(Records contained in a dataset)
================================

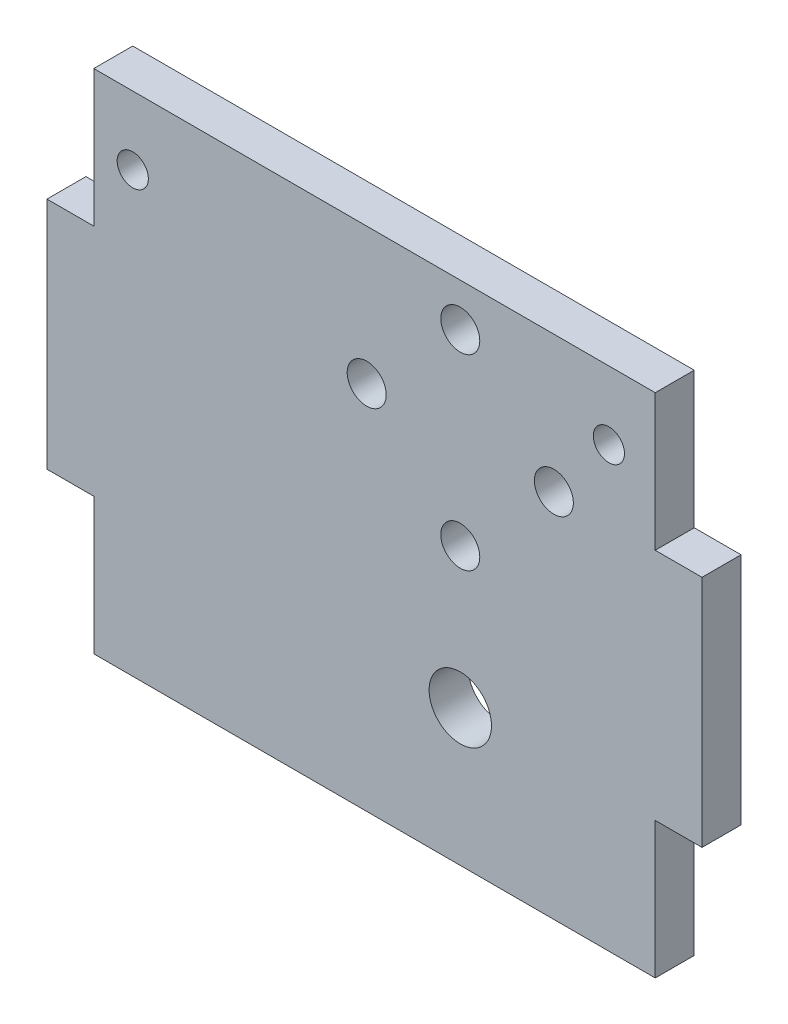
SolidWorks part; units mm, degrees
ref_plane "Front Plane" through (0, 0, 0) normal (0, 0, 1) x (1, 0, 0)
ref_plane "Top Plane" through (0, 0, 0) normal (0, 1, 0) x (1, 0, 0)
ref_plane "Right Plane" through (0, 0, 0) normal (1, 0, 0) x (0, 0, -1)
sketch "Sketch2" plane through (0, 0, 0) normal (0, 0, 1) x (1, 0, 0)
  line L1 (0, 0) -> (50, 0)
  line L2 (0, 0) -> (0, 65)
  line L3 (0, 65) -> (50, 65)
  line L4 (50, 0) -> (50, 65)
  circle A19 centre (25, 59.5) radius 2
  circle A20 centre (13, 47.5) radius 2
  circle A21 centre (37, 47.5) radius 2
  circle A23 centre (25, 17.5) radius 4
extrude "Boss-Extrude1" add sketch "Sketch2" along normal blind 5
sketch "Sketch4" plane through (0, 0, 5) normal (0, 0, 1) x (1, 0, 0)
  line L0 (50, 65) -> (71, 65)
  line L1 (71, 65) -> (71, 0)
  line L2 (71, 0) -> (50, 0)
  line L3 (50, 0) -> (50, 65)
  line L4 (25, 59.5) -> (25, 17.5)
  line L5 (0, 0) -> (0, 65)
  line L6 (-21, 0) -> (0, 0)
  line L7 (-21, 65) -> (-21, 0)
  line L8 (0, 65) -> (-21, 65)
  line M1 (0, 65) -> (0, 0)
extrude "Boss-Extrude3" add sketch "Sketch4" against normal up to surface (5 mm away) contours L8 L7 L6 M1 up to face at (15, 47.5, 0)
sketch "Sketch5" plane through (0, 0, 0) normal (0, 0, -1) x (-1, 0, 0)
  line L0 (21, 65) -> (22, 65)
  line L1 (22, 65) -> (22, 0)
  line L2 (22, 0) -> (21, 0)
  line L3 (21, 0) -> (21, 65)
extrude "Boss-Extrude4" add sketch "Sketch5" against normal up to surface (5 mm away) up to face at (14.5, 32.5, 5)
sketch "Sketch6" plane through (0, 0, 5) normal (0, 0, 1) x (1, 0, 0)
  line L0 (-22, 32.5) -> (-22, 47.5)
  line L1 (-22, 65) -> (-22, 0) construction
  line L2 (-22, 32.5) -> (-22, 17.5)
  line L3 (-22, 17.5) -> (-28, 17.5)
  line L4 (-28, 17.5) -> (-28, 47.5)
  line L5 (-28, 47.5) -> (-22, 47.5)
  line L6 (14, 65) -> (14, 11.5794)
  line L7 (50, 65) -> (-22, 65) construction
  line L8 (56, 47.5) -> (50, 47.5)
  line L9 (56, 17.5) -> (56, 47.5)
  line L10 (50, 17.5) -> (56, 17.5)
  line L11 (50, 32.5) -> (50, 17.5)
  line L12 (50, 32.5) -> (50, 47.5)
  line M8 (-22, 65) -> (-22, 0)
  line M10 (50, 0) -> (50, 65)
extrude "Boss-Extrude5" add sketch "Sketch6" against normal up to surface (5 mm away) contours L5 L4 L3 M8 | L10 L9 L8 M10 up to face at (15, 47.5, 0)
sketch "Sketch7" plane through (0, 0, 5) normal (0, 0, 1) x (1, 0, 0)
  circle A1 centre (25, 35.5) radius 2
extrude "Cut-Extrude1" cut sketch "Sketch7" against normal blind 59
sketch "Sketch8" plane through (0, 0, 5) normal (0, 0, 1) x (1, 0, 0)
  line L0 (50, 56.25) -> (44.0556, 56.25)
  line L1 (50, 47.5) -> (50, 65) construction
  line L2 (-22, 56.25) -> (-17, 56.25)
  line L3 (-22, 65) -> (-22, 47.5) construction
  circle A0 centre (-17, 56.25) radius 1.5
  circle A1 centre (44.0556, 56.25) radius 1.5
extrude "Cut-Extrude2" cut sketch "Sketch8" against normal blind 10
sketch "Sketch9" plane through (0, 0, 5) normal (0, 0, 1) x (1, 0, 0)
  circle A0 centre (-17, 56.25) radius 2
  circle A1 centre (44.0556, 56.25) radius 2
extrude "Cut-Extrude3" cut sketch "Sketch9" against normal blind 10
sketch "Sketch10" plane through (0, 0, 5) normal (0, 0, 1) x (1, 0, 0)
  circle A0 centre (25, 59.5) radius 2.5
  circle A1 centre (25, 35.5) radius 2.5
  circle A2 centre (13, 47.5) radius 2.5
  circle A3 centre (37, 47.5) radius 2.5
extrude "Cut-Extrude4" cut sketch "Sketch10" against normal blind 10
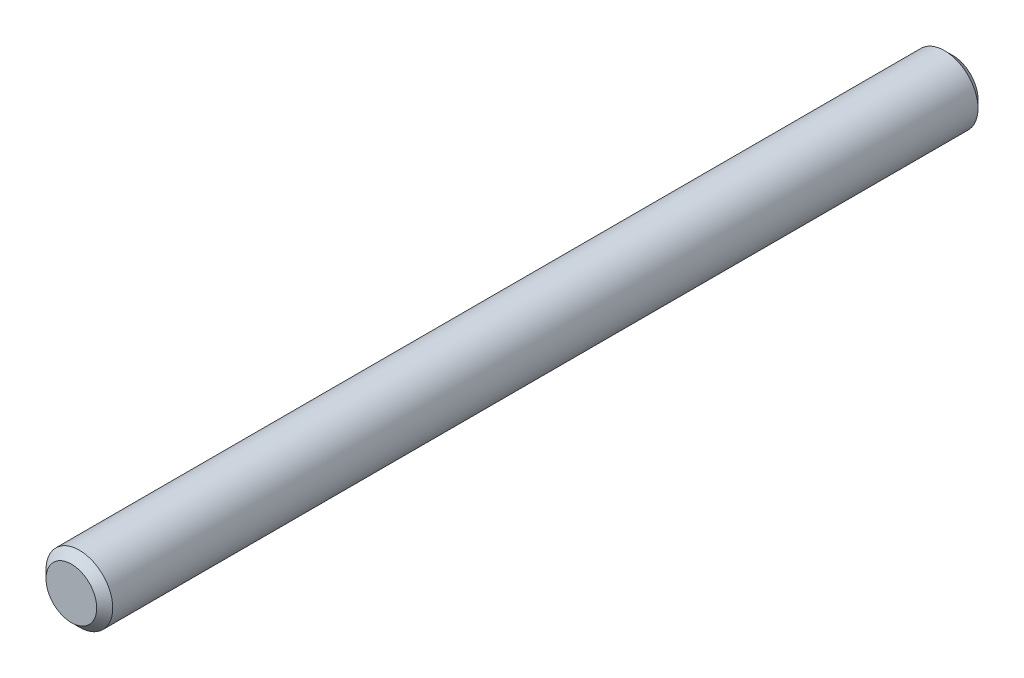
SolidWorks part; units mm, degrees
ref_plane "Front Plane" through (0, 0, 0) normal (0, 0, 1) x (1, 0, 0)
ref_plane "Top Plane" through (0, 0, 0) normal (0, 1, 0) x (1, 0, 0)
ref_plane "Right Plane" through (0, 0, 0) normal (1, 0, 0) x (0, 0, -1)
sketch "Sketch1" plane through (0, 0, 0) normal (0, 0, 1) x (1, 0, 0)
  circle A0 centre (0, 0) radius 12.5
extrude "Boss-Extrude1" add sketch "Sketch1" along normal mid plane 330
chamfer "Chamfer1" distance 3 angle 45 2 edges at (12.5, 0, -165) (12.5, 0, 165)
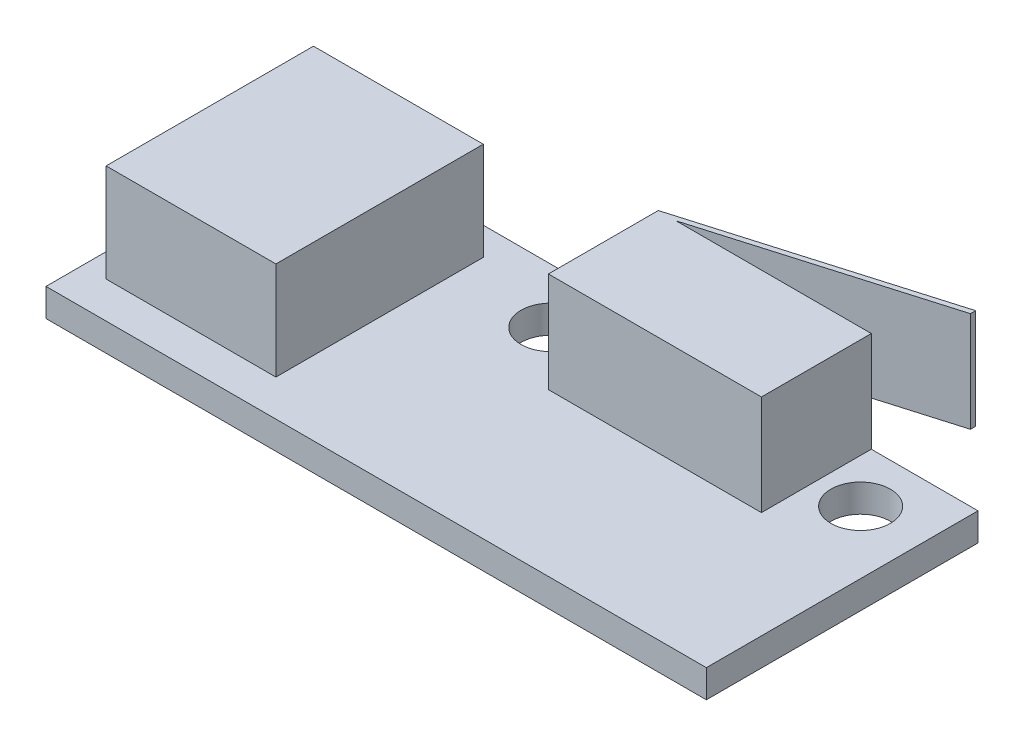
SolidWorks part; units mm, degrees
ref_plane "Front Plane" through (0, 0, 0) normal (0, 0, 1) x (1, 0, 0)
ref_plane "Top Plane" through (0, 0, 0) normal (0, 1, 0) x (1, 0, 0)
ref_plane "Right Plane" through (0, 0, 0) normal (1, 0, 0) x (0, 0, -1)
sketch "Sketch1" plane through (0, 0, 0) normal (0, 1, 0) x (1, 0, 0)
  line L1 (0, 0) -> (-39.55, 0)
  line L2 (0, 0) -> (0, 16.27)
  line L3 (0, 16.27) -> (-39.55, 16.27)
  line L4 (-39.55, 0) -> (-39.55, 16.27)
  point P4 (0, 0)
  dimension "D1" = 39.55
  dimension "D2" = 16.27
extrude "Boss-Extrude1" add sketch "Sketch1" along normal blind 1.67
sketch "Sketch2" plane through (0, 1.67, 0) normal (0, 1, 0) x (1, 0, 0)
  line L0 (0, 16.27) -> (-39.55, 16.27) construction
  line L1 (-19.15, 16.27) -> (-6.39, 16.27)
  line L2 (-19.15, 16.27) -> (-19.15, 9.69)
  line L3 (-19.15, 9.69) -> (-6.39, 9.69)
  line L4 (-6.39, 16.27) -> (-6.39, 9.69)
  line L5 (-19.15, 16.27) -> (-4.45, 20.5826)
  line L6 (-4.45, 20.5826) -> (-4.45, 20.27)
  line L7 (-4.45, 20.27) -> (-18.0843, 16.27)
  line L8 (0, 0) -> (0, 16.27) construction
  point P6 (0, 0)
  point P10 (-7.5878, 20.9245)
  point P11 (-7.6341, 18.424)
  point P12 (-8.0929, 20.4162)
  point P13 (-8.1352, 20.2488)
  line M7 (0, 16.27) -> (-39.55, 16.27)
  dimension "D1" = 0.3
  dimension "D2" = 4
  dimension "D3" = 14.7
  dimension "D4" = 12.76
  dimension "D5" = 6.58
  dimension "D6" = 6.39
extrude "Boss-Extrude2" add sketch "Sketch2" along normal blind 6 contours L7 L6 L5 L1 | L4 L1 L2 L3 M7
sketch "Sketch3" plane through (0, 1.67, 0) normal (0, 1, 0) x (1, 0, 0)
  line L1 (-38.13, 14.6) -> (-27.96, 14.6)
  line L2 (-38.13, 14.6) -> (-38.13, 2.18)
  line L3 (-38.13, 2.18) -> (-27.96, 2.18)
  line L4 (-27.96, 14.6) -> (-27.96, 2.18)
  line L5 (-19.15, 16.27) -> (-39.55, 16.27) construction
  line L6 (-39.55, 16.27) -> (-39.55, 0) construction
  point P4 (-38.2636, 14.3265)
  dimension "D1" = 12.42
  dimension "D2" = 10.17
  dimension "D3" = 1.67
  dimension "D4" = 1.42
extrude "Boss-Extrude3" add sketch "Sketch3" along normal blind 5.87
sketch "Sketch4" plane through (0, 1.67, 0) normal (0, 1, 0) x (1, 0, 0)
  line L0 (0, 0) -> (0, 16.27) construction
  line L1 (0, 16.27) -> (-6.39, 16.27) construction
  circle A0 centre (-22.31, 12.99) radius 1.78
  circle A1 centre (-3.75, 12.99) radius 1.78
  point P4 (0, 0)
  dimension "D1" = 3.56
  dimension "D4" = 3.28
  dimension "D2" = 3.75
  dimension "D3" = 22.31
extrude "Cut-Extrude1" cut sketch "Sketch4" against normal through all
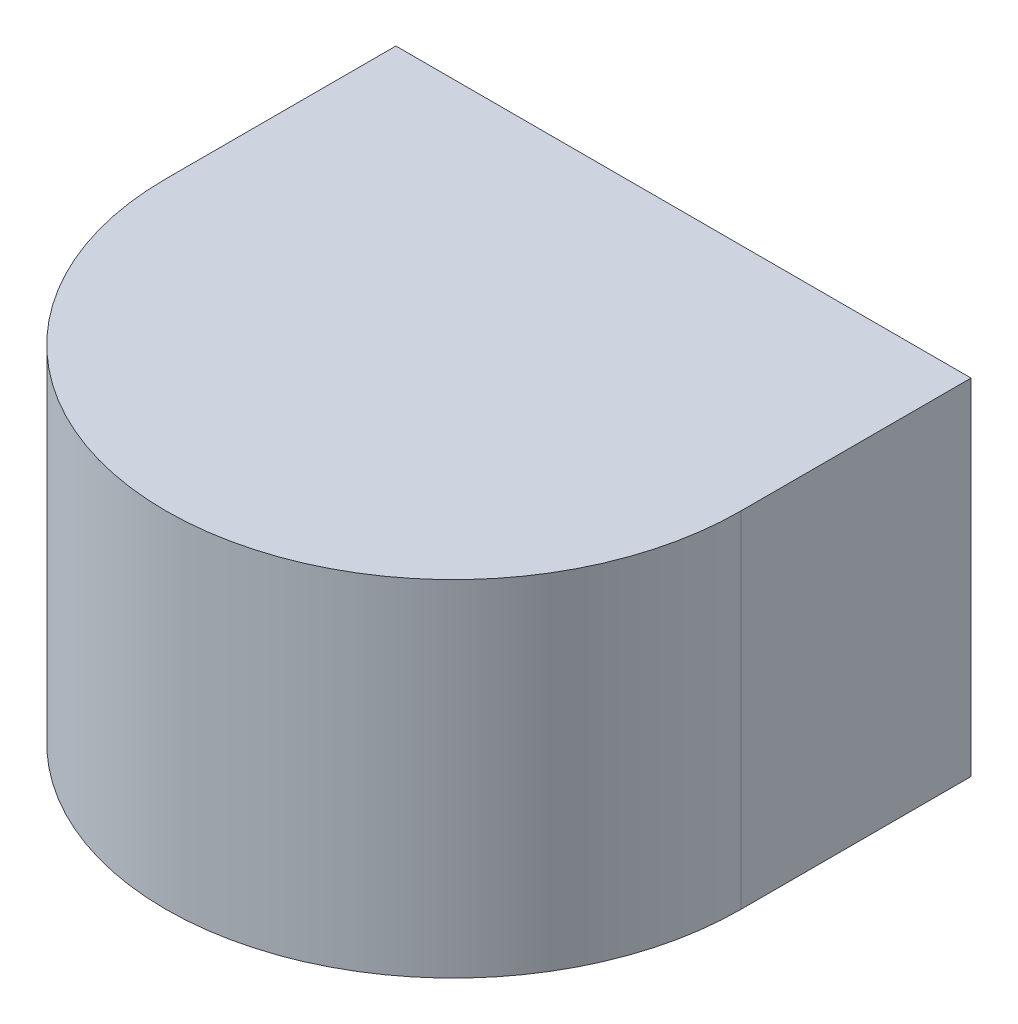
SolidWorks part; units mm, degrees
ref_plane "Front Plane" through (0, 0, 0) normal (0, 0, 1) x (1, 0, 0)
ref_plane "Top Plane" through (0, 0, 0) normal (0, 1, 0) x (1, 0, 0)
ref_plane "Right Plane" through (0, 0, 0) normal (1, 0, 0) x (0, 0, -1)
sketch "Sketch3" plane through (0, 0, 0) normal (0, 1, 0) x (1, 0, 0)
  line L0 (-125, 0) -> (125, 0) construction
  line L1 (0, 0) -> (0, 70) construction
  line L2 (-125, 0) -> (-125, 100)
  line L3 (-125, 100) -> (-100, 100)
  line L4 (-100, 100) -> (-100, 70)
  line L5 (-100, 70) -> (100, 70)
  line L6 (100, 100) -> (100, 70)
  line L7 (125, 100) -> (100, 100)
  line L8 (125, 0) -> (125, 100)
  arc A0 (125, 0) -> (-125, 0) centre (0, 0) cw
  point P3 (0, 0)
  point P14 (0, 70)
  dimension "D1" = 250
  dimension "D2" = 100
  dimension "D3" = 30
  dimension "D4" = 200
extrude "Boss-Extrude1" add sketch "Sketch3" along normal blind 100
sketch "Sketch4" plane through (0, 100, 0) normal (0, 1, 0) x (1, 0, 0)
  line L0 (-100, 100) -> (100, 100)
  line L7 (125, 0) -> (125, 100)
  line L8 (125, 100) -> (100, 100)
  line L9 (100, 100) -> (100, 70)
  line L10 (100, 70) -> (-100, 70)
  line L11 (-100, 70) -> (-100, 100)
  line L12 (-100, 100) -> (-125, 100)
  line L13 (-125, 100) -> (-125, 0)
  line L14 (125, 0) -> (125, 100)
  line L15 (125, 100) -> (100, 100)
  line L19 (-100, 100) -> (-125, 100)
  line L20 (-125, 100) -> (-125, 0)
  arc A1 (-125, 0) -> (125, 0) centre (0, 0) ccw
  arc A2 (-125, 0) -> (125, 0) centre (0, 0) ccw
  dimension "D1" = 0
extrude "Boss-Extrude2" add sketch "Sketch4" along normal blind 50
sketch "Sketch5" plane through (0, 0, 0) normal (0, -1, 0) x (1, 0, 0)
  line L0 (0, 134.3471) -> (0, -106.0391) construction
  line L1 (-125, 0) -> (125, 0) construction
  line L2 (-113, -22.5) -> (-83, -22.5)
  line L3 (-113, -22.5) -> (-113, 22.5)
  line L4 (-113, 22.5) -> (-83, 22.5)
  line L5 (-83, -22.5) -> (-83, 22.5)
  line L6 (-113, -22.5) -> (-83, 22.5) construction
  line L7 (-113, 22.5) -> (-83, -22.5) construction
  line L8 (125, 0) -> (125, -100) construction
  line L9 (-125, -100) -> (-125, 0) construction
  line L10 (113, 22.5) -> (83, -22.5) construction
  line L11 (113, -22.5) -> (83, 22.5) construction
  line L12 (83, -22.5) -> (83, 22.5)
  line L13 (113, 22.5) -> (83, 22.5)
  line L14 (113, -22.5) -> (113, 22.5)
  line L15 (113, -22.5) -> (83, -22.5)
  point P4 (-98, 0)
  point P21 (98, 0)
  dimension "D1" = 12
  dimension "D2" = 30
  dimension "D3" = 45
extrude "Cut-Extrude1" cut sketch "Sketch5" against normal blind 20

================================

Task objective » How many of the lines above include the string "point"? Only the number should be written.

Final answer » 12